(Items from a data source)

* * * * * * * * *

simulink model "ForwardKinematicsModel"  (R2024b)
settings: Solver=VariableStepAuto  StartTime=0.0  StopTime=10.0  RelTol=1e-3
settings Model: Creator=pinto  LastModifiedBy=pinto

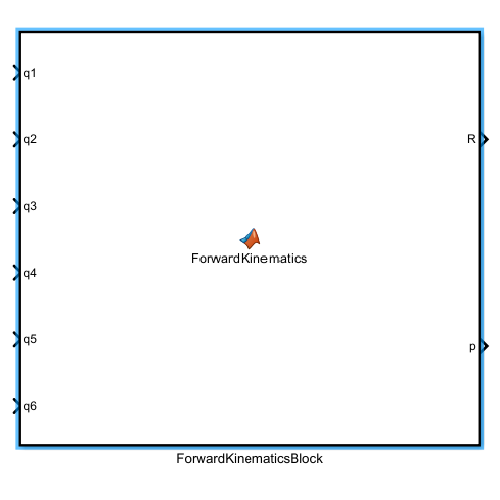
[thumbnail: Simulink's stored preview of the top-level diagram]
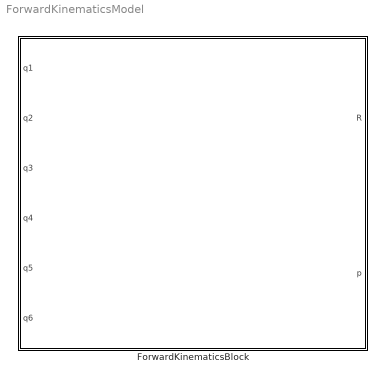
== system ForwardKinematicsModel ==
  ForwardKinematicsBlock : MATLAB Function  TreatAsAtomicUnit=on

== matlab function ForwardKinematicsModel/ForwardKinematicsBlock ==
  data: q1 input; R output; q2 input; q3 input; q4 input; q5 input; q6 input; p output
function [R, p] = ForwardKinematics(q1, q2, q3, q4, q5, q6)
% Entradas: q1...q6 (ângulos das juntas em rad)
% Saídas:
%   R - matriz de rotação 3x3
%   p - vetor posição 3x1

% Parâmetros DH: [d, theta, a, alpha, offset]
DH = [ 0     q1  0     pi/2      pi/2;
       0     q2  0    -pi/2      pi/2;
       0.4   q3  0     pi/2      pi/2;
       0     q4  0.1   pi/2     -pi/2;
       0.5   q5  0    -pi/2      0;
       0.1   q6  0     pi/2-pi/8 -pi/2;
       0.15  0   0     0         0 ];

T = eye(4);
for i = 1:size(DH,1)
    d = DH(i,1);
    theta = DH(i,2) + DH(i,5);
    a = DH(i,3);
    alpha = DH(i,4);

    A = [ cos(theta), -sin(theta)*cos(alpha),  sin(theta)*sin(alpha), a*cos(theta);
          sin(theta),  cos(theta)*cos(alpha), -cos(theta)*sin(alpha), a*sin(theta);
          0,           sin(alpha),             cos(alpha),            d;
          0,           0,                      0,                     1 ];

    T = T * A;
end

R = T(1:3, 1:3);
p = T(1:3, 4);

* * * * * * * * *

How many of the lines above hold the word "ForwardKinematicsBlock"? Give only that number.

2